Thx, Aroc -- I should've had enough sense to remember having seen that in some lit I've read (oh, about a million times). May do it. I don't know if this'll be an issue, but I've been pouring a cup or 2 of sugar water into an empty birdbath to see if the bees from my yard go to feed. They do, and lots of 'em. I figured if the girls're hungry, they'll have a food source (our dearth, I'm told, has started). I keep the "bath" atop a deep trash can lid filled with water so no ants're getting in. I haven't seen many flies or other vermin yet, either.


----------



## Saltybee

Works better to move the old hive and leave the split. Capped and open brood in the split?


----------



## mlanden

Saltybee said:


> Works better to move the old hive and leave the split.

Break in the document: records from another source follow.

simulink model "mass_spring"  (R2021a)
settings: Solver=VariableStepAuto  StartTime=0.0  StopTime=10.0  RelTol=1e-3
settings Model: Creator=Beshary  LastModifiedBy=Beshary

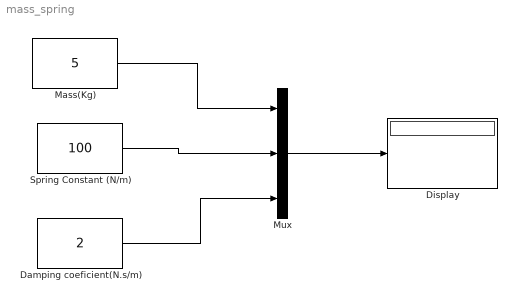
== system mass_spring ==
  Damping coeficient(N.s/m) : Constant  Value=2
  Display : Display
  Mass(Kg) : Constant  Value=5
  Mux : Mux  Inputs=3
  Spring Constant (N/m) : Constant  Value=100
  wires:
  Mass(Kg)/1 -> Mux/1
  Damping coeficient(N.s/m)/1 -> Mux/3
  Spring Constant (N/m)/1 -> Mux/2
  Mux/1 -> Display/1
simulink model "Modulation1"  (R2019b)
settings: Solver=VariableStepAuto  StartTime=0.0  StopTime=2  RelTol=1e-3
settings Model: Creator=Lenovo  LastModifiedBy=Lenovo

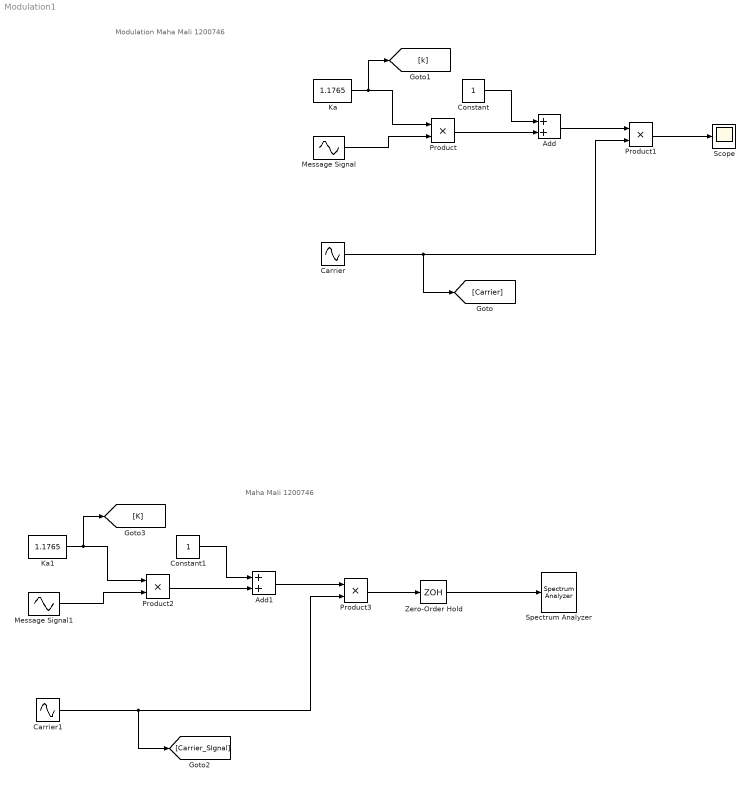
== system Modulation1 ==
  note: Maha Mali 1200746
  note: Modulation Maha Mali 1200746
  Add : Sum
  Add1 : Sum
  Carrier : Sin  Frequency=2*pi*15000  Phase=pi/2  SampleTime=0
  Carrier1 : Sin  Frequency=2*pi*15000  SampleTime=0
  Constant : Constant
  Constant1 : Constant
  Ka : Constant  Value=1.1765
  Ka1 : Constant  Value=1.1765
  Message Signal : Sin  Amplitude=0.85  Frequency=2*pi*1000  Phase=pi/2  SampleTime=0
  Message Signal1 : Sin  Amplitude=0.85  Frequency=2*pi*1000  SampleTime=0
  Product{,1..3} (4 alike) : Product
  Scope : Scope
  Spectrum Analyzer : SpectrumAnalyzer
  Zero-Order Hold : ZeroOrderHold  SampleTime=1/(10*15e3)
  wires:
  Product1/1 -> Scope/1
  Add/1 -> Product1/1
  Ka/1 -> [k], Product/1
  Product/1 -> Add/2
  Message Signal/1 -> Product/2
  Carrier/1 -> [Carrier], Product1/2
  Constant/1 -> Add/1
  Add1/1 -> Product3/1
  Ka1/1 -> [K], Product2/1
  Constant1/1 -> Add1/1
  Product2/1 -> Add1/2
  Message Signal1/1 -> Product2/2
  Carrier1/1 -> [Carrier_SIgnal], Product3/2
  Zero-Order Hold/1 -> Spectrum Analyzer/1
  Product3/1 -> Zero-Order Hold/1
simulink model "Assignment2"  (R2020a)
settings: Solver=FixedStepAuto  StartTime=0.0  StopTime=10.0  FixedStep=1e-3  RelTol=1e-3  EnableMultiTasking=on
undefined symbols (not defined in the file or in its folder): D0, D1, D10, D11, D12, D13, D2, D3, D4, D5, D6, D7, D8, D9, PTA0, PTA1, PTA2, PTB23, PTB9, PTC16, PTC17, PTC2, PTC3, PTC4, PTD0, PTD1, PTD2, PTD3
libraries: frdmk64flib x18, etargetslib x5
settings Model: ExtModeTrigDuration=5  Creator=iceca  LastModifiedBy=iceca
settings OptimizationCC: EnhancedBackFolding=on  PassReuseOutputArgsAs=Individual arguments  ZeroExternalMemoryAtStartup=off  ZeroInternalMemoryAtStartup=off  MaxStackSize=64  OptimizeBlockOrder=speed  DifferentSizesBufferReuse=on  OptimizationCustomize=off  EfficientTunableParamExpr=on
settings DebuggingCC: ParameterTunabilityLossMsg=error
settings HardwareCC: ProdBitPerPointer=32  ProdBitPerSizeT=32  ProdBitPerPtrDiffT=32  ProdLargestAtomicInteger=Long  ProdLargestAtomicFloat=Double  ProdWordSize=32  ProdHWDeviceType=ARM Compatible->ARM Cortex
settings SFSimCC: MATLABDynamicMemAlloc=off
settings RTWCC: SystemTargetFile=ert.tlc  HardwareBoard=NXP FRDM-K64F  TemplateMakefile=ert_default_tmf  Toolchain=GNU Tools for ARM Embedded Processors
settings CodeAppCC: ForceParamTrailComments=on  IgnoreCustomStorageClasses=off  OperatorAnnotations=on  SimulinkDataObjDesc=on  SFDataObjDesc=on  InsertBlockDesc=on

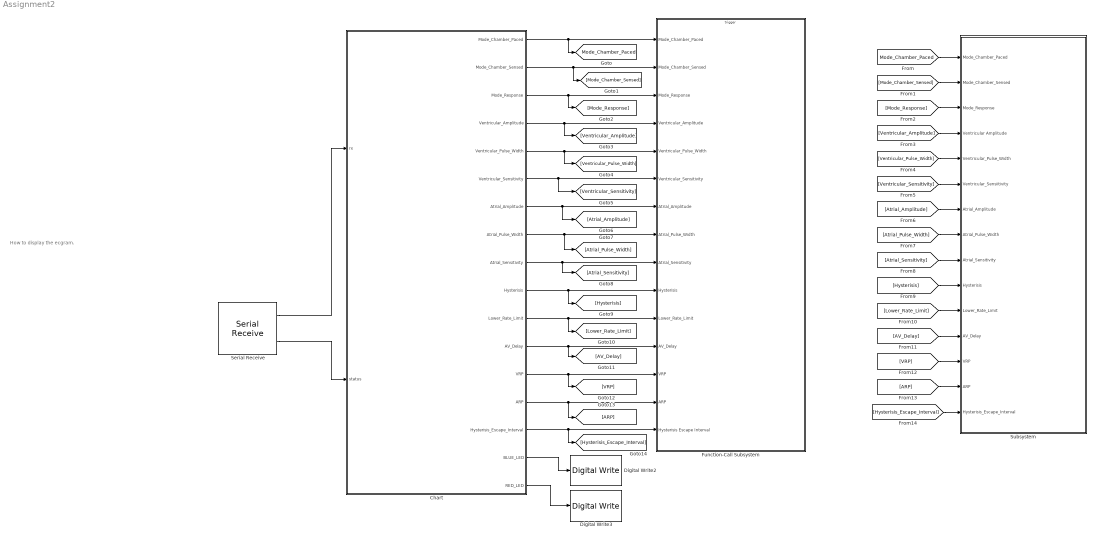
== system Assignment2 ==
  note: How to display the ecgram.
  Chart : Stateflow chart  TreatAsAtomicUnit=on
  Digital Write2 : frdmk64flib/Digital Write  Whichpin=BLUE_LED
  Digital Write3 : frdmk64flib/Digital Write  Whichpin=RED_LED
  Function-Call Subsystem : Subsystem  TreatAsAtomicUnit=on
  Serial Receive : frdmk64flib/Serial Receive  SCIModule=0  Baudrate=uint32(9600)  Parity=None  StopBits=1  HardwareFlowControl=None  ByteOrder=LittleEndian  DataType=uint8  DataLength=22  BlockingMode=off  OutputStatus=on  SampleTime=-1
  Subsystem : Subsystem
  tag scope: Mode_Chamber_Paced=global
  wires:
  Serial Receive/1 -> Chart/1(rx)
  Serial Receive/2 -> Chart/2(status)
  Chart/16(BLUE_LED) -> Digital Write2/1
  Chart/17(RED_LED) -> Digital Write3/1
  Chart/1(Mode_Chamber_Paced) -> [Mode_Chamber_Paced], Function-Call Subsystem/1(Mode_Chamber_Paced)
  Chart/10(Hysterisis) -> [Hysterisis], Function-Call Subsystem/10(Hysterisis)
  Chart/11(Lower_Rate_Limit) -> [Lower_Rate_Limit], Function-Call Subsystem/11(Lower_Rate_Limit)
  Chart/12(AV_Delay) -> [AV_Delay], Function-Call Subsystem/12(AV_Delay)
  Chart/13(VRP) -> [VRP], Function-Call Subsystem/13(VRP)
  Chart/14(ARP) -> [ARP], Function-Call Subsystem/14(ARP)
  Chart/15(Hysterisis_Escape_Interval) -> [Hysterisis_Escape_Interval], Function-Call Subsystem/15(Hysterisis Escape Interval)
  [Mode_Chamber_Paced] -> Subsystem/1(Mode_Chamber_Paced)
  Chart/2(Mode_Chamber_Sensed) -> [Mode_Chamber_Sensed], Function-Call Subsystem/2(Mode_Chamber_Sensed)
  Chart/3(Mode_Response) -> [Mode_Response], Function-Call Subsystem/3(Mode_Response)
  Chart/4(Ventricular_Amplitude) -> [Ventricular_Amplitude], Function-Call Subsystem/4(Ventricular_Amplitude)
  Chart/5(Ventricular_Pulse_Width) -> [Ventricular_Pulse_Width], Function-Call Subsystem/5(Ventricular_Pulse_Width)
  Chart/6(Ventricular_Sensitivity) -> [Ventricular_Sensitivity], Function-Call Subsystem/6(Ventricular_Sensitivity)
  Chart/7(Atrial_Amplitude) -> [Atrial_Amplitude], Function-Call Subsystem/7(Atrial_Amplitude)
  Chart/8(Atrial_Pulse_Width) -> [Atrial_Pulse_Width], Function-Call Subsystem/8(Atrial_Pulse_Width)
  Chart/9(Atrial_Sensitivity) -> [Atrial_Sensitivity], Function-Call Subsystem/9(Atrial_Sensitivity)
  [Mode_Chamber_Sensed] -> Subsystem/2(Mode_Chamber_Sensed)
  [Mode_Response] -> Subsystem/3(Mode_Response)
  [Ventricular_Amplitude] -> Subsystem/4(Ventricular Amplitude)
  [Ventricular_Pulse_Width] -> Subsystem/5(Ventricular_Pulse_Width)
  [Ventricular_Sensitivity] -> Subsystem/6(Ventricular_Sensiitivity)
  [Atrial_Amplitude] -> Subsystem/7(Atrial_Amplitude)
  [Atrial_Pulse_Width] -> Subsystem/8(Atrial_Pulse_Width)
  [Atrial_Sensitivity] -> Subsystem/9(Atrial_Sensitivity)
  [Hysterisis] -> Subsystem/10(Hysterisis)
  [Lower_Rate_Limit] -> Subsystem/11(Lower_Rate_Limit)
  [AV_Delay] -> Subsystem/12(AV_Delay)
  [VRP] -> Subsystem/13(VRP)
  [ARP] -> Subsystem/14(ARP)
  [Hysterisis_Escape_Interval] -> Subsystem/15(Hysterisis_Escape_Interval)

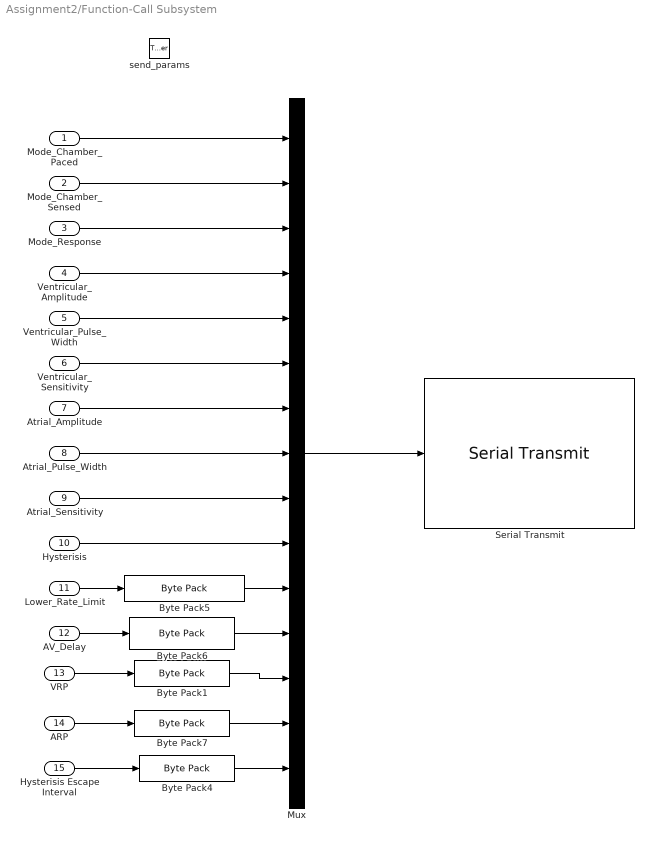
== system Assignment2/Function-Call Subsystem ==
  Mode_Chamber_Paced : Inport
  Mode_Chamber_Sensed : Inport  Port=2
  Mode_Response : Inport  Port=3
  Ventricular_Amplitude : Inport  Port=4
  Ventricular_Pulse_Width : Inport  Port=5
  Ventricular_Sensitivity : Inport  Port=6
  Atrial_Amplitude : Inport  Port=7
  Atrial_Pulse_Width : Inport  Port=8
  Atrial_Sensitivity : Inport  Port=9
  Hysterisis : Inport  Port=10
  Lower_Rate_Limit : Inport  Port=11
  AV_Delay : Inport  Port=12
  VRP : Inport  Port=13
  ARP : Inport  Port=14
  Hysterisis Escape Interval : Inport  Port=15
  send_params : TriggerPort  TriggerType=function-call  IsSimulinkFunction=on  FunctionName=send_params  VariantControl=Variant
  Byte Pack{1,4..7} (5 alike) : etargetslib/Byte Pack  datatypes={'uint16'}  byteAlign=1
  Mux : Mux  Inputs=15
  Serial Transmit : frdmk64flib/Serial Transmit  SCIModule=0  Baudrate=uint32(9600)  Parity=None  StopBits=1  HardwareFlowControl=None  ByteOrder=LittleEndian  BlockingMode=on  OutputStatus=off
  wires:
  Mode_Chamber_Paced/1 -> Mux/1
  Hysterisis/1 -> Mux/10
  Atrial_Pulse_Width/1 -> Mux/8
  Atrial_Amplitude/1 -> Mux/7
  Ventricular_Sensitivity/1 -> Mux/6
  Mode_Response/1 -> Mux/3
  Mode_Chamber_Sensed/1 -> Mux/2
  Atrial_Sensitivity/1 -> Mux/9
  Byte Pack1/1 -> Mux/13
  VRP/1 -> Byte Pack1/1
  Mux/1 -> Serial Transmit/1
  Ventricular_Amplitude/1 -> Mux/4
  Ventricular_Pulse_Width/1 -> Mux/5
  Hysterisis Escape Interval/1 -> Byte Pack4/1
  Lower_Rate_Limit/1 -> Byte Pack5/1
  AV_Delay/1 -> Byte Pack6/1
  Byte Pack6/1 -> Mux/12
  Byte Pack5/1 -> Mux/11
  Byte Pack7/1 -> Mux/14
  Byte Pack4/1 -> Mux/15
  ARP/1 -> Byte Pack7/1

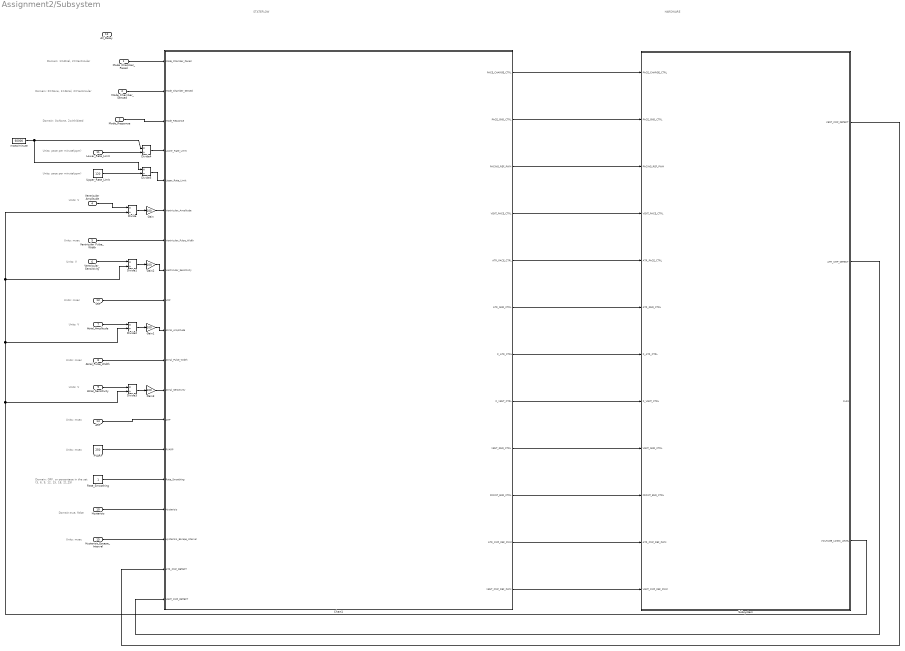
== system Assignment2/Subsystem ==
  note: Domain: OFF, or percentage
      | in the set (3, 6, 9, 12, 15, 18, 21,25)
  note: Domain: 0=None, 2=Inhibited
  note: Domain: 1=Atrial, 2=Ventricular
  note: Units: msec
  note: Units: pace per minute(ppm)
  note: HARDWARE
  note: Units: V
  note: STATEFLOW
  note: Units: msec
  note: Units: V
  note: Domain: 0=None, 1=Atrial, 2=Ventricular
  note: Units: pace per minute(ppm)
  note: Units: msec
  note: Units: msec
  note: Domain:true, false
  note: Units: V
  note: Units: msec
  note: Units: msec
  note: Units: V
  Mode_Chamber_Paced : Inport
  Mode_Chamber_Sensed : Inport  Port=2
  Mode_Response : Inport  Port=3
  Ventricular Amplitude : Inport  Port=4
  Ventricular_Pulse_Width : Inport  Port=5
  Ventricular_Sensiitivity : Inport  Port=6
  Atrial_Amplitude : Inport  Port=7
  Atrial_Pulse_Width : Inport  Port=8
  Atrial_Sensitivity : Inport  Port=9
  Hysterisis : Inport  Port=10
  Lower_Rate_Limit : Inport  Port=11
  AV_Delay : Inport  Port=12
  VRP : Inport  Port=13
  ARP : Inport  Port=14
  Hysterisis_Escape_Interval : Inport  Port=15
  Chart1 : Stateflow chart  TreatAsAtomicUnit=on
  Divide{,1..5} (6 alike) : Product  Inputs=*/
  Gain{,1..3} (4 alike) : Gain  Gain=100
  PVARP : Constant  Value=250
  Rate_Smoothing : Constant
  Subsystem : Subsystem
  Upper_Rate_Limit : Constant  Value=120
  msec/minute : Constant  Value=60000
  wires:
  Divide4/1 -> Chart1/4(Lower_Rate_Limit)
  Atrial_Pulse_Width/1 -> Chart1/11(Atrial_Pulse_Width)
  Atrial_Sensitivity/1 -> Divide3/1
  Divide/1 -> Gain/1
  Gain3/1 -> Chart1/12(Atrial_Sensitivity)
  PVARP/1 -> Chart1/14(PVARP)
  Gain/1 -> Chart1/6(Ventricular_Amplitude)
  Hysterisis/1 -> Chart1/16(Hysterisis)
  Ventricular Amplitude/1 -> Divide/1
  Chart1/8(Z_VENT_CTRL) -> Subsystem/8(Z_VENT_CTRL)
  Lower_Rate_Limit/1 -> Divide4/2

Capped and open brood in the split?


Yeah -- the brood medium I took from the motherhive had all the works - honey, brood, capped/uncapped stuff, etc .....


----------



## Steve in PA

Sound like you are doing everything right but feeding. I make mine up and then take them to my mating yard at the inlaws. For the 1st week they are quiet but it progessively picks up until I bring them home in a month. I give them a pint of 1:1 syrup to get started and have never had one fail (just jinxed myself).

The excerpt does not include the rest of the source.